Work request: Locate the line that contains "#42=EDGE_CURVE('E33',#41,#41,#39,.T.);" in the entries below, then repeat it and every following line through the line that contains "#60=PLANE('',#59);", exactly, and no others.

Information provided:
-------------------------

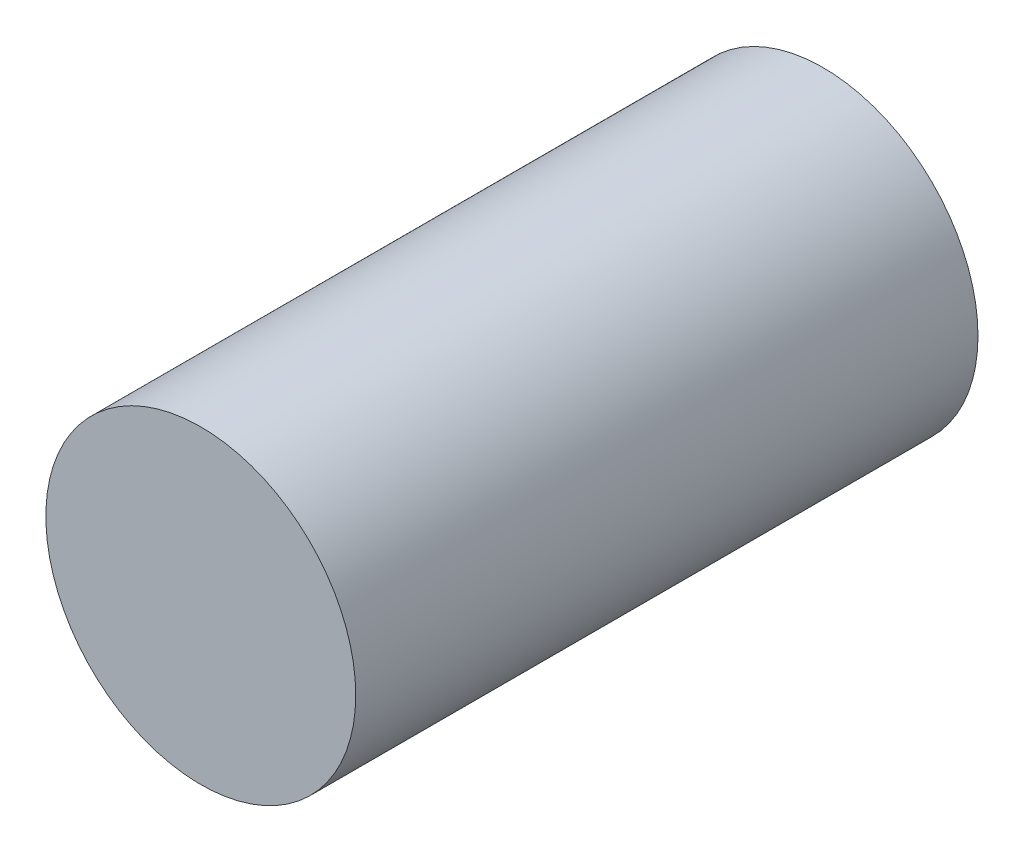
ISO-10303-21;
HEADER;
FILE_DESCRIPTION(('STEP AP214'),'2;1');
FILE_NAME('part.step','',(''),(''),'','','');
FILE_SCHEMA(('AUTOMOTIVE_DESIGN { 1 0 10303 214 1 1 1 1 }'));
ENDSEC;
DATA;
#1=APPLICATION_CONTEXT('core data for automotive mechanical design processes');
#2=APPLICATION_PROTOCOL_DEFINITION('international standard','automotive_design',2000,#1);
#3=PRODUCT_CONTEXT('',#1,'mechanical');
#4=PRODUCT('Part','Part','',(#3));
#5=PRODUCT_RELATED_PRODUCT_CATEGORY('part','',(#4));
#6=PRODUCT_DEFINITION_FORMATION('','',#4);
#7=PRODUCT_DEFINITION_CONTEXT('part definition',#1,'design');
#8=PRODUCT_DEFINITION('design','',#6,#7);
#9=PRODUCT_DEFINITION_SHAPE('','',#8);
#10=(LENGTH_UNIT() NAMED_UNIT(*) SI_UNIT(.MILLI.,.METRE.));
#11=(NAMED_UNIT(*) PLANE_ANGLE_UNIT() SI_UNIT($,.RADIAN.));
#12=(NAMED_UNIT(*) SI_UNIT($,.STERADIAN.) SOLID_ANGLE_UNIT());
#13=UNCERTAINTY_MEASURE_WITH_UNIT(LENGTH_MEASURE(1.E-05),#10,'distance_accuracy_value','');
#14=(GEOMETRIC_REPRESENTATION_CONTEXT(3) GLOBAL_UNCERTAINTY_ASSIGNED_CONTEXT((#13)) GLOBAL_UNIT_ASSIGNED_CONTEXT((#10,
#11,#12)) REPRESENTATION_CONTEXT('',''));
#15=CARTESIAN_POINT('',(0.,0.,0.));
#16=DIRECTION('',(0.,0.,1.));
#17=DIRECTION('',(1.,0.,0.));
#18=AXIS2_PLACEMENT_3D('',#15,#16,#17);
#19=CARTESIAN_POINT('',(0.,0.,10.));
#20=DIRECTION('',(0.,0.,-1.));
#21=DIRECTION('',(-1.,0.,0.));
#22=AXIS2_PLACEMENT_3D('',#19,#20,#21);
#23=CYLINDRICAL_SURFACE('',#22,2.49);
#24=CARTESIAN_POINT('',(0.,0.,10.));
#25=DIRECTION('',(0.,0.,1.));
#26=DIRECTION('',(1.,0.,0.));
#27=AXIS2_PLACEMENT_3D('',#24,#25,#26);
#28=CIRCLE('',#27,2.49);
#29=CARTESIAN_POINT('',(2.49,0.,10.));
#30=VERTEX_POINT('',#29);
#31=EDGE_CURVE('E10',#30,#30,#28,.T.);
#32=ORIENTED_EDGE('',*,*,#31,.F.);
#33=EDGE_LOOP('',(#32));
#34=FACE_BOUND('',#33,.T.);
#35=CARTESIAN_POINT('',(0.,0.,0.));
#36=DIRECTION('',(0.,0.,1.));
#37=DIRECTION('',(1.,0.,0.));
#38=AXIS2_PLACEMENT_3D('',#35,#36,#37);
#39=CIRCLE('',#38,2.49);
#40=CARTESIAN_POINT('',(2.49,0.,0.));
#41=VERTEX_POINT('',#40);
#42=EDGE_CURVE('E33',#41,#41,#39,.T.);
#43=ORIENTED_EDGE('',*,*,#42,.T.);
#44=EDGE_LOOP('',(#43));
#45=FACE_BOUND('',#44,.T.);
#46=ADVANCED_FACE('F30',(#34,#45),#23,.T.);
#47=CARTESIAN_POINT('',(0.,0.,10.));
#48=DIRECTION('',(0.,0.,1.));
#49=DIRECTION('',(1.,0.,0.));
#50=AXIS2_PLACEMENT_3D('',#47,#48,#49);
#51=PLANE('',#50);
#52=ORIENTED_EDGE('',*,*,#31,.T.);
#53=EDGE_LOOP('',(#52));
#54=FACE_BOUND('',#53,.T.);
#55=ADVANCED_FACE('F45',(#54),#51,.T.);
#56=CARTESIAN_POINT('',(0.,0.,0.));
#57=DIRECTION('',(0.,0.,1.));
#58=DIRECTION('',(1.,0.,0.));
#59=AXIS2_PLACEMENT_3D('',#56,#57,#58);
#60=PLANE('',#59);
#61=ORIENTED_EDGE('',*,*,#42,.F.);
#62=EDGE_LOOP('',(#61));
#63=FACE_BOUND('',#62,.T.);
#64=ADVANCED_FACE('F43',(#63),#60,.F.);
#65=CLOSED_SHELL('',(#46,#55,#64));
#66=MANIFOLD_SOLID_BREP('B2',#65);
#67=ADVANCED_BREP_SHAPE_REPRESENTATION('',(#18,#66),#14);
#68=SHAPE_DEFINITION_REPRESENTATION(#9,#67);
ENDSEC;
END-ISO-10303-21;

-------------------------

Response below:
#42=EDGE_CURVE('E33',#41,#41,#39,.T.);
#43=ORIENTED_EDGE('',*,*,#42,.T.);
#44=EDGE_LOOP('',(#43));
#45=FACE_BOUND('',#44,.T.);
#46=ADVANCED_FACE('F30',(#34,#45),#23,.T.);
#47=CARTESIAN_POINT('',(0.,0.,10.));
#48=DIRECTION('',(0.,0.,1.));
#49=DIRECTION('',(1.,0.,0.));
#50=AXIS2_PLACEMENT_3D('',#47,#48,#49);
#51=PLANE('',#50);
#52=ORIENTED_EDGE('',*,*,#31,.T.);
#53=EDGE_LOOP('',(#52));
#54=FACE_BOUND('',#53,.T.);
#55=ADVANCED_FACE('F45',(#54),#51,.T.);
#56=CARTESIAN_POINT('',(0.,0.,0.));
#57=DIRECTION('',(0.,0.,1.));
#58=DIRECTION('',(1.,0.,0.));
#59=AXIS2_PLACEMENT_3D('',#56,#57,#58);
#60=PLANE('',#59);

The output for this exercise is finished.